Required action => Exact copies of all the lines below are required, with the pictures omitted.

Items from a dataset =>
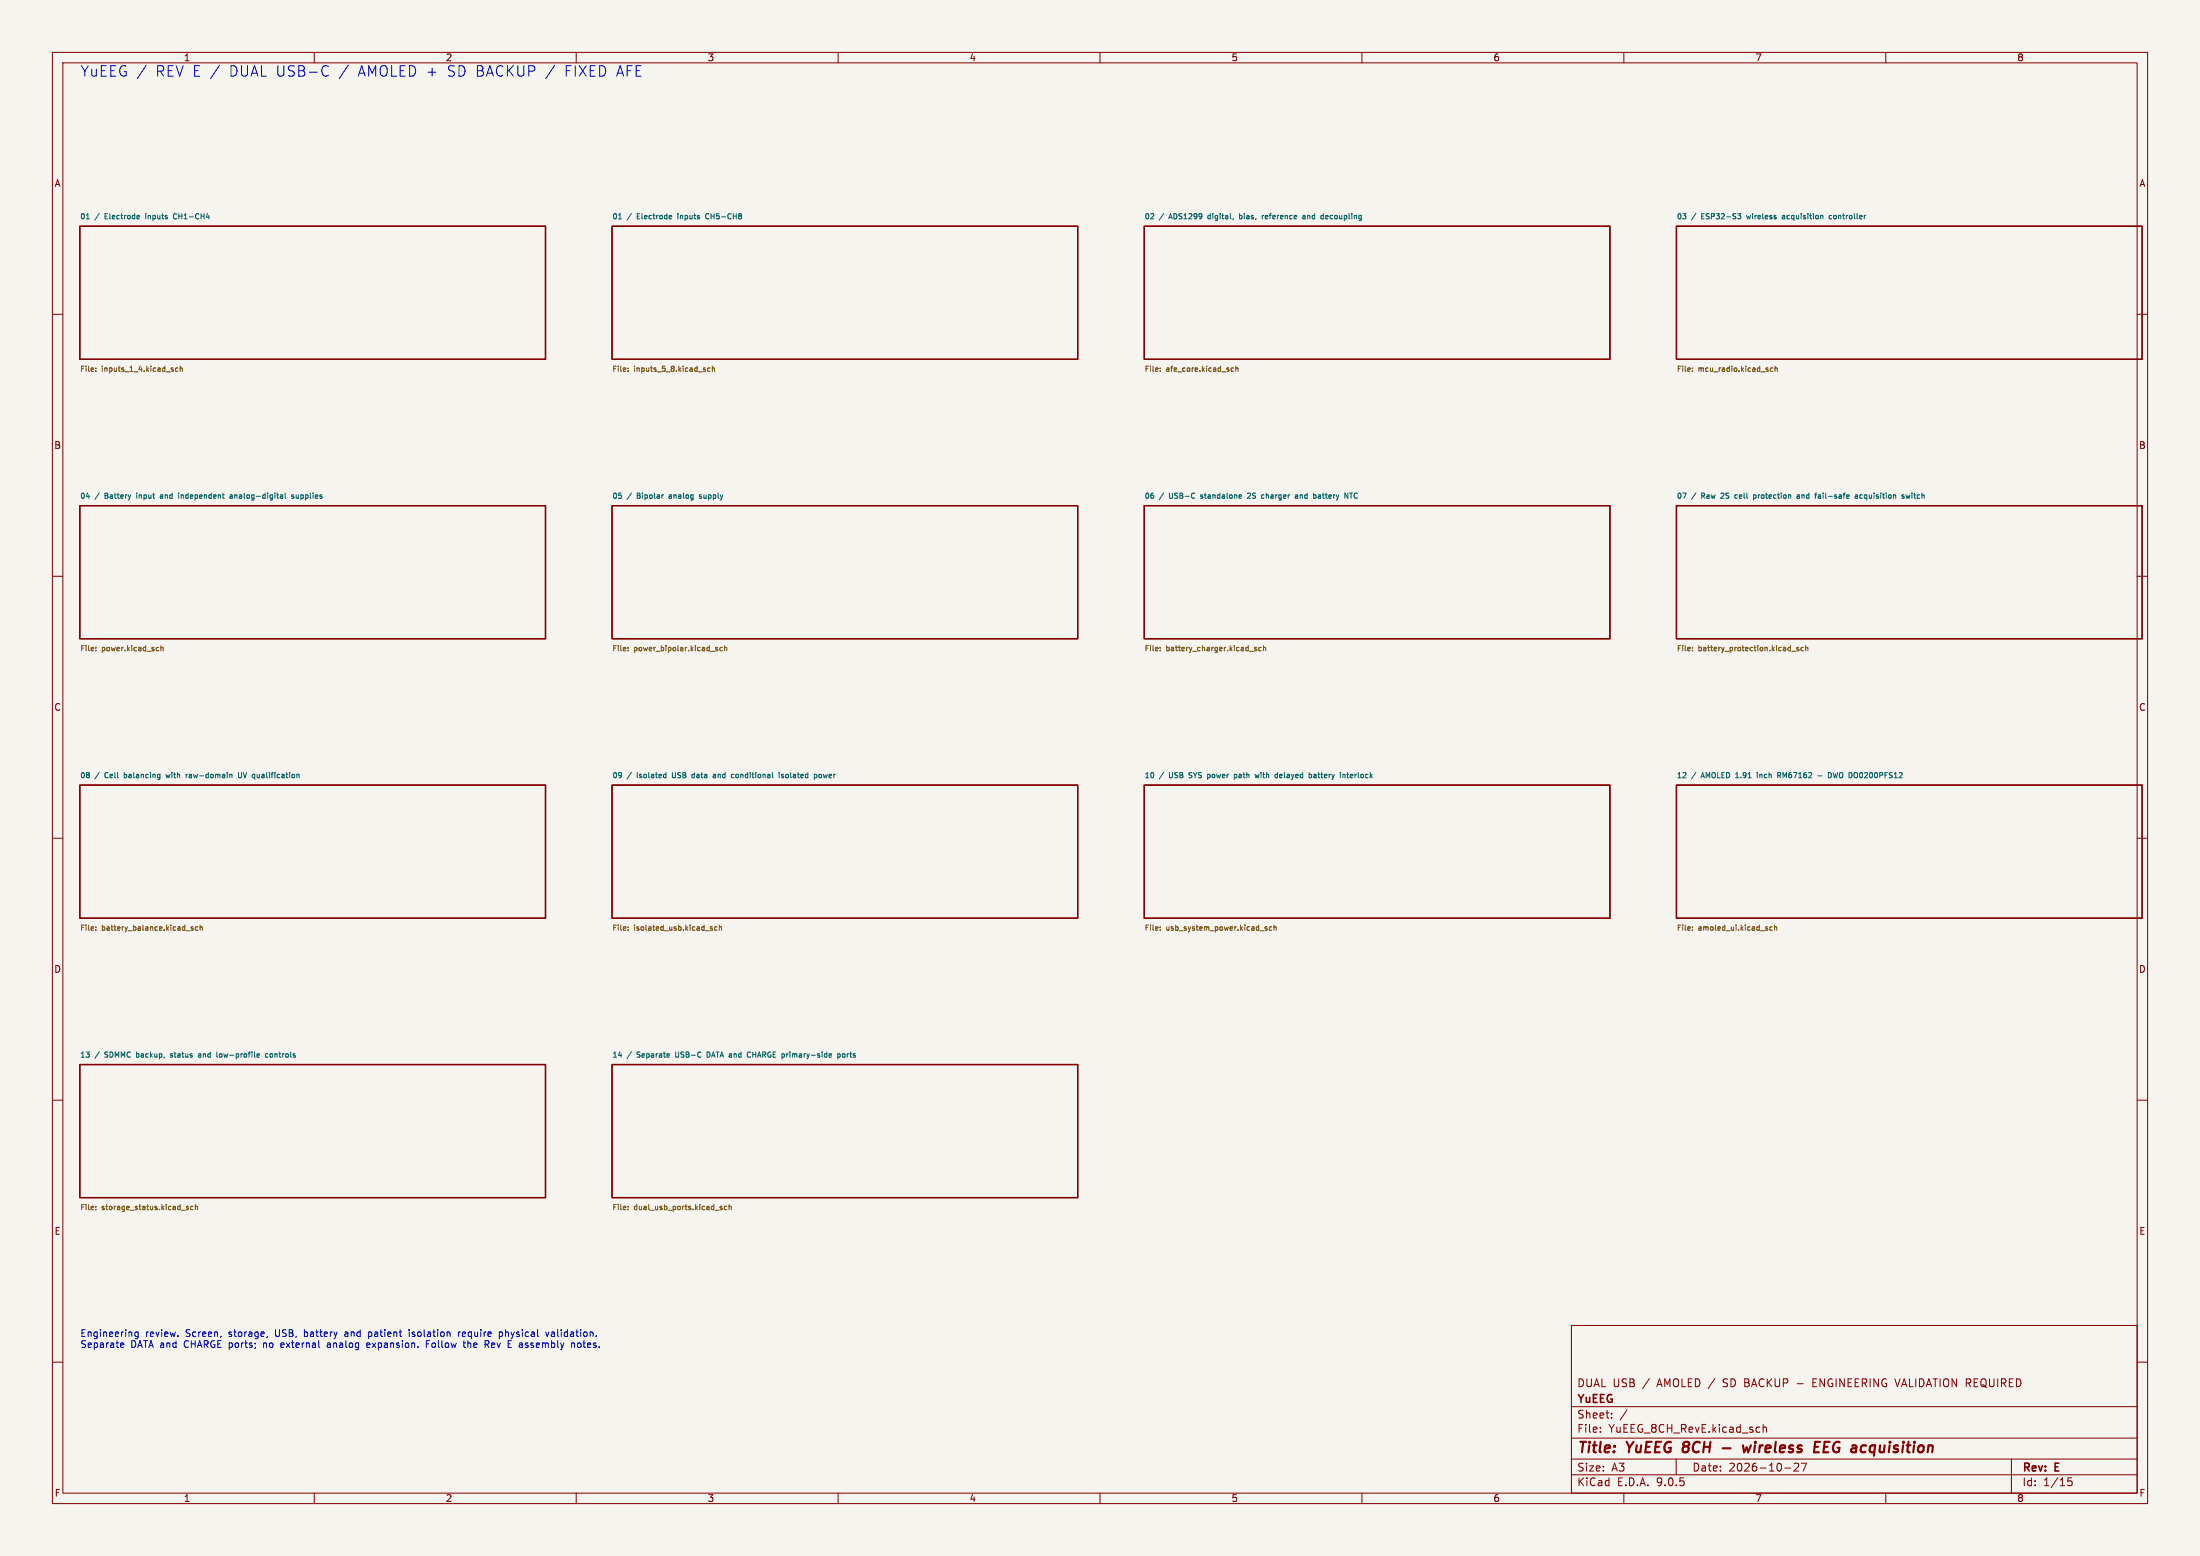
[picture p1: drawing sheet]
<svg xmlns="http://www.w3.org/2000/svg" width="420mm" height="297mm" viewBox="0 0 420 297" stroke-linecap="round" stroke-linejoin="round" font-family="sans-serif">
<path d="M0 0h420v297h-420z" fill="#f5f4ef" stroke="#f5f4ef" stroke-width=".19"/>
<g fill="none" stroke="#840000" stroke-width=".19">
<path d="M10 10h400v277h-400zM12 12h396v273h-396zM60 10v2M110 10v2M160 10v2M210 10v2M260 10v2M310 10v2M360 10v2M10 60h2M408 60h2M10 110h2"/>
<path d="M408 110h2M10 160h2M408 160h2M10 210h2M408 210h2M300 253h108v32h-108zM10 260h2M300 278.5h108M300 274.5h108M300 268.5h108M305.5 273.2v.2M305.5 272.5v.1"/>
<path d="M307.7 270.5v.2M307.7 269.8v.1M310.6 269.1l-1.3 1.9M320 278.5v3M336.6 271.9v1.5M336.6 272.5l.2-.1 .4 .1v.9M342.5 279.4l.6-.1 .2 .1 .1 .3-1 1.1h1M343.1 264.1h1.1M343.9 279.3h1l-.7 1.5M346.1 263.9h.5M346.8 263.2h-.7v1.5h.7M384 278.5v6.5"/>
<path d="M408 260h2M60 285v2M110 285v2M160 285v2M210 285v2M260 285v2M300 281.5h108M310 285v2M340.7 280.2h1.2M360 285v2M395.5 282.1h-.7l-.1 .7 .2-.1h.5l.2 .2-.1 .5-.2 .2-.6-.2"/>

Response to this exercise =>
[picture p1: drawing sheet]
<svg xmlns="http://www.w3.org/2000/svg" width="420mm" height="297mm" viewBox="0 0 420 297" stroke-linecap="round" stroke-linejoin="round" font-family="sans-serif">
<path d="M0 0h420v297h-420z" fill="#f5f4ef" stroke="#f5f4ef" stroke-width=".19"/>
<g fill="none" stroke="#840000" stroke-width=".19">
<path d="M10 10h400v277h-400zM12 12h396v273h-396zM60 10v2M110 10v2M160 10v2M210 10v2M260 10v2M310 10v2M360 10v2M10 60h2M408 60h2M10 110h2"/>
<path d="M408 110h2M10 160h2M408 160h2M10 210h2M408 210h2M300 253h108v32h-108zM10 260h2M300 278.5h108M300 274.5h108M300 268.5h108M305.5 273.2v.2M305.5 272.5v.1"/>
<path d="M307.7 270.5v.2M307.7 269.8v.1M310.6 269.1l-1.3 1.9M320 278.5v3M336.6 271.9v1.5M336.6 272.5l.2-.1 .4 .1v.9M342.5 279.4l.6-.1 .2 .1 .1 .3-1 1.1h1M343.1 264.1h1.1M343.9 279.3h1l-.7 1.5M346.1 263.9h.5M346.8 263.2h-.7v1.5h.7M384 278.5v6.5"/>
<path d="M408 260h2M60 285v2M110 285v2M160 285v2M210 285v2M260 285v2M300 281.5h108M310 285v2M340.7 280.2h1.2M360 285v2M395.5 282.1h-.7l-.1 .7 .2-.1h.5l.2 .2-.1 .5-.2 .2-.6-.2"/>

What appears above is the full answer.